The Mask of Dimitrios
Sydney Greenstreet, Peter Lorre, Zachary Scott
USDVD release date: 21 May 2013
Freshly available on demand from Warner Archive is this slice of 1940s atmosphere that contributed to the burgeoning style dubbed “film noir” by French critics. At the time, its chief selling point was in being based on a popular novel by Eric Ambler (a.k.a. A Coffin for Dimitrios) and also for being the fifth in a series of thrillers co-starring Sydney Greenstreet (identified in the trailer as “The Fat Man”) with Peter Lorre (“The Little Man”). Their previous films were The Maltese Falcon, Casablanca, Background to Danger (also based on Ambler), and Passage to Marseille.
This time around, Lorre plays a sympathetic and befuddled crime novelist who researches the career of a mysterious criminal named Dimitrios (Zachary Scott in his slimy, beaky, pencil-moustached film debut) after the latter’s body has washed up on the beach in Istanbul. Like Citizen Kane, the film is structured around flashbacks as various characters around the Continent offer sordid snapshots from the scoundrel’s rise in fortunes in the escalating chaos of pre-war Europe. The most mysterious character to dominate the proceedings is one Mr. Peters (the masterly Greenstreet), a smooth yet dangerous gentleman whose motives are unclear. Few viewers will be surprised by the quite inevitable revelation, and the resolution can’t help feeling contrived.

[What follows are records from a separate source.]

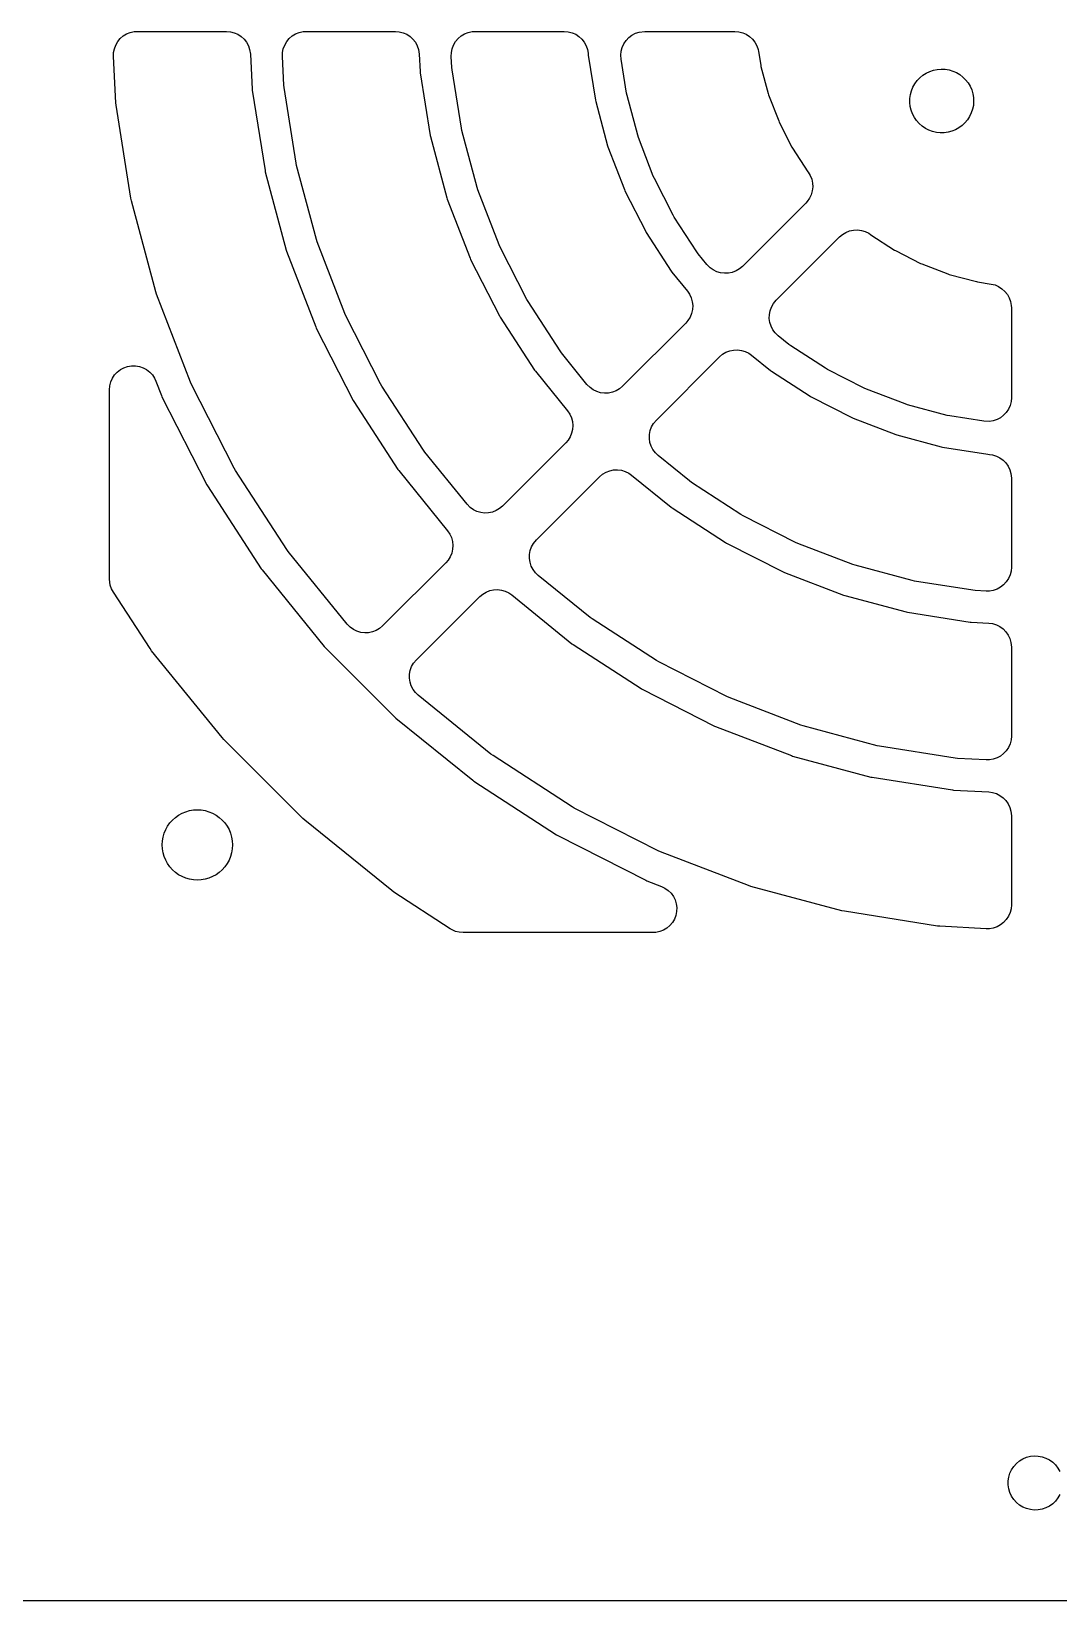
# Model space of a CAD drawing. Header units: metres. Extents: x -245 to 245, y -372 to 372.
# Drawn here: x -62.9 to 1.5, y -372.4 to -274 of the extents above; entities that cross this region are included whole.
import ezdxf

# ---------------------------------------------------------------- set-up
doc = ezdxf.new("R2010")
doc.units = ezdxf.units.M

msp = doc.modelspace()

# ---------------------------------------------------------------- linework, layer by layer
for p, q in [((-57.4877, -274.642), (-57.3297, -274.451)), ((-57.3297, -274.451), (-57.1424, -274.289)), ((-57.1424, -274.289), (-56.931, -274.16)), ((-56.931, -274.16), (-56.7012, -274.067)), ((-56.7012, -274.067), (-56.4593, -274.014)), ((-56.4593, -274.014), (-56.2574, -274)), ((-56.2574, -274), (-50.6782, -274)), ((-50.6782, -274), (-50.4313, -274.02)), ((-50.4313, -274.02), (-50.1911, -274.081)), ((-50.1911, -274.081), (-49.9642, -274.181)), ((-49.9642, -274.181), (-49.7568, -274.316)), ((-49.7568, -274.316), (-49.5746, -274.484)), ((-46.9044, -274.642), (-46.7463, -274.451)), ((-46.7463, -274.451), (-46.5591, -274.289)), ((-46.5591, -274.289), (-46.3477, -274.16)), ((-46.3477, -274.16), (-46.1179, -274.067)), ((-46.1179, -274.067), (-45.876, -274.014)), ((-45.876, -274.014), (-45.6741, -274)), ((-45.6741, -274), (-40.0948, -274)), ((-40.0948, -274), (-39.8479, -274.02)), ((-39.8479, -274.02), (-39.6078, -274.081)), ((-39.6078, -274.081), (-39.3809, -274.181)), ((-39.3809, -274.181), (-39.1735, -274.316)), ((-39.1735, -274.316), (-38.9912, -274.484)), ((-36.321, -274.642), (-36.163, -274.451)), ((-36.163, -274.451), (-35.9757, -274.289)), ((-35.9757, -274.289), (-35.7643, -274.16)), ((-35.7643, -274.16), (-35.5345, -274.067)), ((-35.5345, -274.067), (-35.2926, -274.014)), ((-35.2926, -274.014), (-35.0907, -274)), ((-35.0907, -274), (-29.5115, -274)), ((-29.5115, -274), (-29.2646, -274.02)), ((-29.2646, -274.02), (-29.0244, -274.081)), ((-29.0244, -274.081), (-28.7976, -274.181)), ((-28.7976, -274.181), (-28.5902, -274.316)), ((-28.5902, -274.316), (-28.4079, -274.484)), ((-25.6387, -274.569), (-25.4694, -274.388)), ((-25.4694, -274.388), (-25.2727, -274.238)), ((-25.2727, -274.238), (-25.0538, -274.121)), ((-25.0538, -274.121), (-24.8189, -274.043)), ((-24.8189, -274.043), (-24.4627, -274)), ((-24.4627, -274), (-18.8217, -274)), ((-18.8217, -274), (-18.5748, -274.02)), ((-18.5748, -274.02), (-18.3346, -274.081)), ((-18.3346, -274.081), (-18.1077, -274.181)), ((-18.1077, -274.181), (-17.9003, -274.316)), ((-17.9003, -274.316), (-17.7181, -274.484)), ((-57.7553, -275.578), (-57.7478, -275.331)), ((-57.7478, -275.331), (-57.6996, -275.088)), ((-57.6996, -275.088), (-57.6121, -274.856)), ((-57.6121, -274.856), (-57.4877, -274.642)), ((-49.5746, -274.484), (-49.4224, -274.68)), ((-49.4224, -274.68), (-49.3045, -274.897)), ((-49.3045, -274.897), (-49.2241, -275.132)), ((-49.2241, -275.132), (-49.1802, -275.422)), ((-49.1802, -275.422), (-49.0651, -277.617)), ((-47.172, -275.578), (-47.1645, -275.331)), ((-47.1645, -275.331), (-47.1163, -275.088)), ((-47.1163, -275.088), (-47.0288, -274.856)), ((-47.0288, -274.856), (-46.9044, -274.642)), ((-38.9912, -274.484), (-38.8391, -274.68)), ((-38.8391, -274.68), (-38.7212, -274.897)), ((-38.7212, -274.897), (-38.6407, -275.132)), ((-38.6407, -275.132), (-38.5969, -275.422)), ((-38.5969, -275.422), (-38.5398, -276.511)), ((-36.5887, -275.578), (-36.5811, -275.331)), ((-36.5811, -275.331), (-36.533, -275.088)), ((-36.533, -275.088), (-36.4455, -274.856)), ((-36.4455, -274.856), (-36.321, -274.642)), ((-28.4079, -274.484), (-28.2557, -274.68)), ((-28.2557, -274.68), (-28.1378, -274.897)), ((-28.1378, -274.897), (-28.0574, -275.132)), ((-28.0574, -275.132), (-28.0219, -275.366)), ((-28.0219, -275.366), (-28.0185, -275.366)), ((-28.0185, -275.366), (-28.0062, -275.483)), ((-25.9626, -275.488), (-25.9401, -275.241)), ((-25.9401, -275.241), (-25.8773, -275.001)), ((-25.8773, -275.001), (-25.7759, -274.775)), ((-25.7759, -274.775), (-25.6387, -274.569)), ((-17.7181, -274.484), (-17.5659, -274.68)), ((-17.5659, -274.68), (-17.448, -274.897)), ((-17.448, -274.897), (-17.3676, -275.132)), ((-17.3676, -275.132), (-17.3401, -275.265)), ((-17.3401, -275.265), (-17.2052, -276.117)), ((-57.6035, -278.475), (-57.7553, -275.578)), ((-47.0782, -277.369), (-47.172, -275.578)), ((-36.5528, -276.263), (-36.5887, -275.578)), ((-36.5364, -276.419), (-36.5528, -276.263)), ((-35.9592, -280.063), (-36.5364, -276.419)), ((-28.0062, -275.483), (-27.5573, -278.317)), ((-25.9442, -275.735), (-25.9626, -275.488)), ((-25.6071, -277.863), (-25.9442, -275.735)), ((-17.2052, -276.117), (-17.1889, -276.194)), ((-17.1889, -276.194), (-16.733, -277.895)), ((-6.6142, -276.509), (-6.38072, -276.431)), ((-6.38072, -276.431), (-6.1394, -276.382)), ((-6.1394, -276.382), (-5.89389, -276.363)), ((-5.89389, -276.363), (-5.6479, -276.375)), ((-5.6479, -276.375), (-5.40518, -276.416)), ((-5.40518, -276.416), (-5.1694, -276.487)), ((-47.0618, -277.525), (-47.0782, -277.369)), ((-38.5398, -276.511), (-38.5316, -276.589)), ((-38.5316, -276.589), (-37.9094, -280.518)), ((-7.66693, -277.499), (-7.5471, -277.284)), ((-7.5471, -277.284), (-7.40175, -277.085)), ((-7.40175, -277.085), (-7.23308, -276.906)), ((-7.23308, -276.906), (-7.04364, -276.749)), ((-7.04364, -276.749), (-6.83629, -276.616)), ((-6.83629, -276.616), (-6.6142, -276.509)), ((-5.1694, -276.487), (-4.94415, -276.587)), ((-4.94415, -276.587), (-4.73282, -276.713)), ((-4.73282, -276.713), (-4.53862, -276.865)), ((-4.53862, -276.865), (-4.3645, -277.039)), ((-4.3645, -277.039), (-4.21309, -277.233)), ((-4.21309, -277.233), (-4.0867, -277.444)), ((-49.0651, -277.617), (-49.0569, -277.695)), ((-49.0569, -277.695), (-48.2614, -282.718)), ((-46.3113, -282.264), (-47.0618, -277.525)), ((-27.5573, -278.317), (-27.5409, -278.394)), ((-27.5409, -278.394), (-26.7983, -281.166)), ((-25.5745, -278.016), (-25.6071, -277.863)), ((-24.9063, -280.51), (-25.5745, -278.016)), ((-16.733, -277.895), (-16.7086, -277.97)), ((-16.7086, -277.97), (-16.0773, -279.615)), ((-7.86095, -278.455), (-7.85716, -278.209)), ((-7.85716, -278.209), (-7.82314, -277.965)), ((-7.82314, -277.965), (-7.75941, -277.728)), ((-7.75941, -277.728), (-7.66693, -277.499)), ((-4.0867, -277.444), (-3.98724, -277.669)), ((-3.98724, -277.669), (-3.91621, -277.905)), ((-3.91621, -277.905), (-3.87469, -278.148)), ((-3.86333, -278.394), (-3.88226, -278.639)), ((-3.87469, -278.148), (-3.86333, -278.394)), ((-57.5871, -278.632), (-57.6035, -278.475)), ((-56.6633, -284.464), (-57.5871, -278.632)), ((-7.83446, -278.7), (-7.86095, -278.455)), ((-7.77808, -278.94), (-7.83446, -278.7)), ((-7.69267, -279.171), (-7.77808, -278.94)), ((-7.57953, -279.39), (-7.69267, -279.171)), ((-4.11584, -279.336), (-4.24869, -279.544)), ((-4.00949, -279.114), (-4.11584, -279.336)), ((-3.93123, -278.881), (-4.00949, -279.114)), ((-3.88226, -278.639), (-3.93123, -278.881)), ((-35.9265, -280.217), (-35.9592, -280.063)), ((-34.9717, -283.78), (-35.9265, -280.217)), ((-16.0773, -279.615), (-16.0453, -279.687)), ((-16.0453, -279.687), (-15.2455, -281.257)), ((-7.44037, -279.593), (-7.57953, -279.39)), ((-7.2773, -279.777), (-7.44037, -279.593)), ((-7.09279, -279.94), (-7.2773, -279.777)), ((-6.88963, -280.08), (-7.09279, -279.94)), ((-6.67093, -280.193), (-6.88963, -280.08)), ((-6.43997, -280.278), (-6.67093, -280.193)), ((-6.20027, -280.334), (-6.43997, -280.278)), ((-5.95546, -280.361), (-6.20027, -280.334)), ((-5.70924, -280.357), (-5.95546, -280.361)), ((-5.46536, -280.323), (-5.70924, -280.357)), ((-5.22751, -280.259), (-5.46536, -280.323)), ((-4.99928, -280.167), (-5.22751, -280.259)), ((-4.78416, -280.047), (-4.99928, -280.167)), ((-4.58539, -279.902), (-4.78416, -280.047)), ((-4.40599, -279.733), (-4.58539, -279.902)), ((-4.24869, -279.544), (-4.40599, -279.733)), ((-37.9094, -280.518), (-37.893, -280.595)), ((-37.893, -280.595), (-36.8637, -284.436)), ((-26.7983, -281.166), (-26.774, -281.241)), ((-26.774, -281.241), (-25.7456, -283.92)), ((-24.8578, -280.659), (-24.9063, -280.51)), ((-23.9326, -283.07), (-24.8578, -280.659)), ((-15.2455, -281.257), (-15.2061, -281.325)), ((-15.2061, -281.325), (-14.2466, -282.802)), ((-46.2786, -282.417), (-46.3113, -282.264)), ((-48.2614, -282.718), (-48.2451, -282.795)), ((-48.2451, -282.795), (-46.929, -287.707)), ((-45.037, -287.051), (-46.2786, -282.417)), ((-23.8688, -283.213), (-23.9326, -283.07)), ((-22.6967, -285.513), (-23.8688, -283.213)), ((-14.2466, -282.802), (-14.2324, -282.822)), ((-14.2324, -282.822), (-14.1039, -283.034)), ((-14.1039, -283.034), (-14.0119, -283.264)), ((-14.0119, -283.264), (-13.9591, -283.506)), ((-34.9232, -283.93), (-34.9717, -283.78)), ((-33.601, -287.374), (-34.9232, -283.93)), ((-25.7456, -283.92), (-25.7137, -283.991)), ((-25.7137, -283.991), (-24.4109, -286.548)), ((-14.0442, -284.237), (-14.1512, -284.461)), ((-13.9755, -283.999), (-14.0442, -284.237)), ((-13.9468, -283.753), (-13.9755, -283.999)), ((-13.9591, -283.506), (-13.9468, -283.753)), ((-56.6307, -284.618), (-56.6633, -284.464)), ((-55.1024, -290.321), (-56.6307, -284.618)), ((-36.8637, -284.436), (-36.8393, -284.511)), ((-36.8393, -284.511), (-35.414, -288.224)), ((-14.3854, -284.764), (-18.3502, -288.729)), ((-14.2935, -284.663), (-14.3854, -284.764)), ((-14.1512, -284.461), (-14.2935, -284.663)), ((-22.6181, -285.649), (-22.6967, -285.513)), ((-21.2121, -287.814), (-22.6181, -285.649)), ((-44.9885, -287.2), (-45.037, -287.051)), ((-43.2693, -291.679), (-44.9885, -287.2)), ((-24.4109, -286.548), (-24.3717, -286.616)), ((-24.3717, -286.616), (-22.8087, -289.023)), ((-16.2289, -290.85), (-12.264, -286.885)), ((-12.264, -286.885), (-12.075, -286.725)), ((-12.075, -286.725), (-11.8622, -286.598)), ((-11.8622, -286.598), (-11.6314, -286.508)), ((-11.6314, -286.508), (-11.3889, -286.458)), ((-11.3889, -286.458), (-11.1414, -286.447)), ((-11.1414, -286.447), (-10.8956, -286.478)), ((-10.8956, -286.478), (-10.6581, -286.549)), ((-10.6581, -286.549), (-10.4356, -286.657)), ((-10.4356, -286.657), (-10.3218, -286.732)), ((-10.3218, -286.732), (-10.3024, -286.747)), ((-10.3024, -286.747), (-8.82471, -287.706)), ((-46.929, -287.707), (-46.9047, -287.782)), ((-46.9047, -287.782), (-45.0823, -292.529)), ((-35.414, -288.224), (-35.382, -288.296)), ((-33.5371, -287.518), (-33.601, -287.374)), ((-31.8621, -290.805), (-33.5371, -287.518)), ((-21.1198, -287.941), (-21.2121, -287.814)), ((-20.5766, -288.612), (-21.1198, -287.941)), ((-8.82471, -287.706), (-8.75652, -287.745)), ((-8.75652, -287.745), (-7.18683, -288.545)), ((-35.382, -288.296), (-33.5763, -291.84)), ((-22.8087, -289.023), (-22.7626, -289.086)), ((-22.7626, -289.086), (-21.7982, -290.277)), ((-20.3803, -288.813), (-20.5766, -288.612)), ((-20.1787, -288.957), (-20.3803, -288.813)), ((-19.9561, -289.066), (-20.1787, -288.957)), ((-19.7187, -289.136), (-19.9561, -289.066)), ((-19.4729, -289.167), (-19.7187, -289.136)), ((-19.2254, -289.157), (-19.4729, -289.167)), ((-18.9829, -289.106), (-19.2254, -289.157)), ((-18.7521, -289.016), (-18.9829, -289.106)), ((-18.5393, -288.889), (-18.7521, -289.016)), ((-18.3502, -288.729), (-18.5393, -288.889)), ((-7.18683, -288.545), (-7.1151, -288.577)), ((-7.1151, -288.577), (-5.47032, -289.209)), ((-5.47032, -289.209), (-5.39542, -289.233)), ((-5.39542, -289.233), (-3.69386, -289.689)), ((-3.69386, -289.689), (-3.61696, -289.705)), ((-3.61696, -289.705), (-2.76534, -289.84)), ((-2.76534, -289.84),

Ambler’s twisty and resourceful influence towers over the thriller genre, and the sordid Dimitrios might have inspired Graham Greene’s more sophisticated and ambiguous Harry Lime in The Third Man. Director Jean Negulesco and great photographer Arthur Edeson (The Maltese Falcon, Casablanca) maneuver the camera closely around the characters and their densely decorated surroundings of shadowy bric-a-brac. This visual pleasure combines with the pleasure of Greenstreet, Lorre and the character actors around them to offer a film that’s sleekly watchable if ultimately as insubstantial as a rumour.